Since Haldane did his approximation, subsequent research has greatly improved our knowledge of peppered moth evolution. The fact that we have few good temporal records from the period in which melanic individuals were increasing in frequency obscures many details, but several possibilities were considered for the observed change, from linkage disequilibrium of melanic alleles to heterozygote advantage (Cook & Turner, 2020). Still, Haldane's point is very clear: **selection can be really strong in natural populations!** However, even though the melanic morph had very high frequency at the early 20th century, this allele was _not_ fixed. Influx of alleles via mating with migrants from elsewhere were not considered a good hypothesis at the time but, much later, DNA-based evidence in favor of that hypothesis was found (Cook & Turner, 2020). Are you surprised that natural populations, even in such "simple" scenarios, are _that_ complex?

# References

Berry, R. J. (1990). Industrial melanism and peppered moths (Biston betularia (L.)). Biological Journal of the Linnean Society, 39(4), 301-322.

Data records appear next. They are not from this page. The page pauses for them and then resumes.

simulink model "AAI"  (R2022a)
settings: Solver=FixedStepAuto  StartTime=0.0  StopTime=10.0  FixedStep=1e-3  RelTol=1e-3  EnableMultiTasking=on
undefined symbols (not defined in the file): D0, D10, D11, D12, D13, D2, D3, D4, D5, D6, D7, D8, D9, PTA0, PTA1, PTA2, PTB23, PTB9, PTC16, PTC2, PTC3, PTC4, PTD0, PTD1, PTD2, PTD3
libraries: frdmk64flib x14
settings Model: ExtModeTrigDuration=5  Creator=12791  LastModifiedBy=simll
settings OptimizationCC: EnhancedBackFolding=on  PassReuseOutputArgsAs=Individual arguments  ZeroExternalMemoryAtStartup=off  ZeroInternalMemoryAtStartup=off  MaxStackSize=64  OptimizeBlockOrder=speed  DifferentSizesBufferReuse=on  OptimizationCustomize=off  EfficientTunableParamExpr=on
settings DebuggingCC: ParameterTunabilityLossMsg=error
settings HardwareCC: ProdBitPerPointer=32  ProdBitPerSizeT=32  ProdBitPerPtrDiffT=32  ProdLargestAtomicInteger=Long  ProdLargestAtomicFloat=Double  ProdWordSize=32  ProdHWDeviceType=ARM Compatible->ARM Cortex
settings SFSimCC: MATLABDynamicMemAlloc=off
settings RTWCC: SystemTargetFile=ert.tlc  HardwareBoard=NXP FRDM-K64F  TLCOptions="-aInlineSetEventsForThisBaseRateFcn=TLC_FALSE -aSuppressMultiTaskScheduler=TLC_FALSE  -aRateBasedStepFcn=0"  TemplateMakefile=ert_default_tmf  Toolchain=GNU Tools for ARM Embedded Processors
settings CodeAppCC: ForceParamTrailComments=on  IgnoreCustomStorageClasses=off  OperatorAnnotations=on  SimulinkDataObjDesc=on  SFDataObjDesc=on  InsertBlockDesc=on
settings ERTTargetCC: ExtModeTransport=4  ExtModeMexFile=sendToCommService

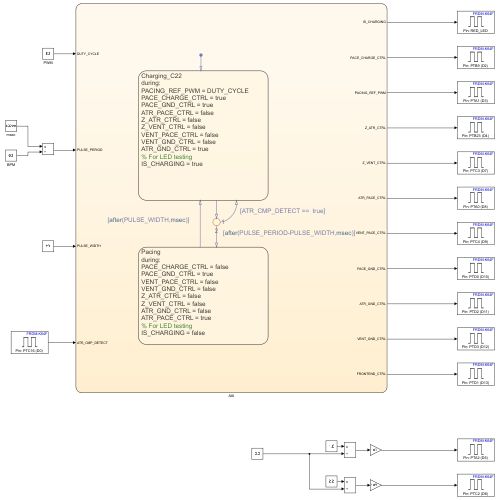
[thumbnail: Simulink's stored preview of the top-level diagram]
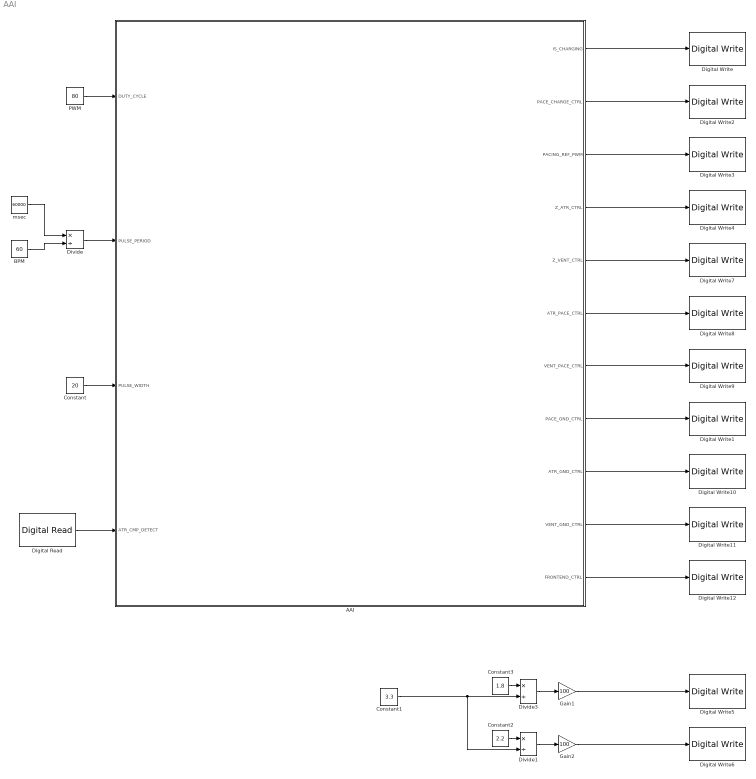
== system AAI ==
  AAI : Stateflow chart  TreatAsAtomicUnit=on
  BPM : Constant  Value=60
  Constant : Constant  Value=20
  Constant1 : Constant  Value=3.3
  Constant2 : Constant  Value=2.2
  Constant3 : Constant  Value=1.8
  Digital Read : frdmk64flib/Digital Read  Whichpin=PTC16 (D0)  SampleTime=-1
  Digital Write : frdmk64flib/Digital Write  Whichpin=RED_LED
  Digital Write1 : frdmk64flib/Digital Write  Whichpin=PTD0 (D10)
  Digital Write10 : frdmk64flib/Digital Write  Whichpin=PTD2 (D11)
  Digital Write11 : frdmk64flib/Digital Write  Whichpin=PTD3 (D12)
  Digital Write12 : frdmk64flib/Digital Write  Whichpin=PTD1 (D13)
  Digital Write2 : frdmk64flib/Digital Write  Whichpin=PTB9 (D2)
  Digital Write3 : frdmk64flib/Digital Write  Whichpin=PTA1 (D3)
  Digital Write4 : frdmk64flib/Digital Write  Whichpin=PTB23 (D4)
  Digital Write5 : frdmk64flib/Digital Write  Whichpin=PTA2 (D5)
  Digital Write6 : frdmk64flib/Digital Write  Whichpin=PTC2 (D6)
  Digital Write7 : frdmk64flib/Digital Write  Whichpin=PTC3 (D7)
  Digital Write8 : frdmk64flib/Digital Write  Whichpin=PTA0 (D8)
  Digital Write9 : frdmk64flib/Digital Write  Whichpin=PTC4 (D9)
  Divide : Product  Inputs=*/
  Divide1 : Product  Inputs=*/
  Divide3 : Product  Inputs=*/
  Gain1 : Gain  Gain=100
  Gain2 : Gain  Gain=100
  PWM : Constant  Value=80
  msec : Constant  Value=60000
  wires:
  AAI/2(PACE_CHARGE_CTRL) -> Digital Write2/1
  AAI/3(PACING_REF_PWM) -> Digital Write3/1
  AAI/4(Z_ATR_CTRL) -> Digital Write4/1
  AAI/5(Z_VENT_CTRL) -> Digital Write7/1
  AAI/6(ATR_PACE_CTRL) -> Digital Write8/1
  AAI/7(VENT_PACE_CTRL) -> Digital Write9/1
  AAI/8(PACE_GND_CTRL) -> Digital Write1/1
  AAI/9(ATR_GND_CTRL) -> Digital Write10/1
  AAI/10(VENT_GND_CTRL) -> Digital Write11/1
  AAI/11(FRONTEND_CTRL) -> Digital Write12/1
  PWM/1 -> AAI/1(DUTY_CYCLE)
  Constant/1 -> AAI/3(PULSE_WIDTH)
  Divide/1 -> AAI/2(PULSE_PERIOD)
  msec/1 -> Divide/1
  BPM/1 -> Divide/2
  AAI/1(IS_CHARGING) -> Digital Write/1
  Divide3/1 -> Gain1/1
  Divide1/1 -> Gain2/1
  Constant1/1 -> Divide3/2, Divide1/2
  Gain1/1 -> Digital Write5/1
  Gain2/1 -> Digital Write6/1
  Constant3/1 -> Divide3/1
  Constant2/1 -> Divide1/1
  Digital Read/1 -> AAI/4(ATR_CMP_DETECT)

== stateflow chart AAI/AAI ==
  state Charging_C22
    during:
    PACING_REF_PWM = DUTY_CYCLE
    PACE_CHARGE_CTRL = true
    PACE_GND_CTRL = true
    ATR_PACE_CTRL = false
    Z_ATR_CTRL = false
    Z_VENT_CTRL = false
    VENT_PACE_CTRL = false
    VENT_GND_CTRL = false
    ATR_GND_CTRL = true
    % For LED testing
    IS_CHARGING = true
  state Pacing
    during:
    PACE_CHARGE_CTRL = false
    PACE_GND_CTRL = true
    VENT_PACE_CTRL = false
    VENT_GND_CTRL = false
    Z_ATR_CTRL = false
    Z_VENT_CTRL = false
    ATR_GND_CTRL = false
    ATR_PACE_CTRL = true
    % For LED testing
    IS_CHARGING = false
  (default) -> Charging_C22
  Pacing -> Charging_C22 : [after(PULSE_WIDTH,msec)]
  Charging_C22 -> (junction 40)
  (junction 40) -> Charging_C22 [order 1] : [ATR_CMP_DETECT ==  true]
  (junction 40) -> Pacing [order 2] : [after(PULSE_PERIOD-PULSE_WIDTH,msec)]
  data: IS_CHARGING output; PACE_CHARGE_CTRL output; PACING_REF_PWM output; Z_ATR_CTRL output; Z_VENT_CTRL output; ATR_PACE_CTRL output; VENT_PACE_CTRL output; PACE_GND_CTRL output; ATR_GND_CTRL output; VENT_GND_CTRL output; FRONTEND_CTRL output =true; DUTY_CYCLE input; PULSE_PERIOD input; PULSE_WIDTH input; ATR_CMP_DETECT input

Cook, L. M., & Turner, J. R. (2020). Fifty per cent and all that: what Haldane actually said. Biological Journal of the Linnean Society, 129(3), 765-771.

Edleston, R. S., 1864. Amptydasis betularia. The Entomologist, 2: 150

Haldane JBS. 1924. A mathematical theory of natural
and artificial selection. Transactions of the Cambridge
Philosophical Society 23: 19–41.

Wright, S. (1931). Evolution in Mendelian populations. Genetics, 16(2), 97.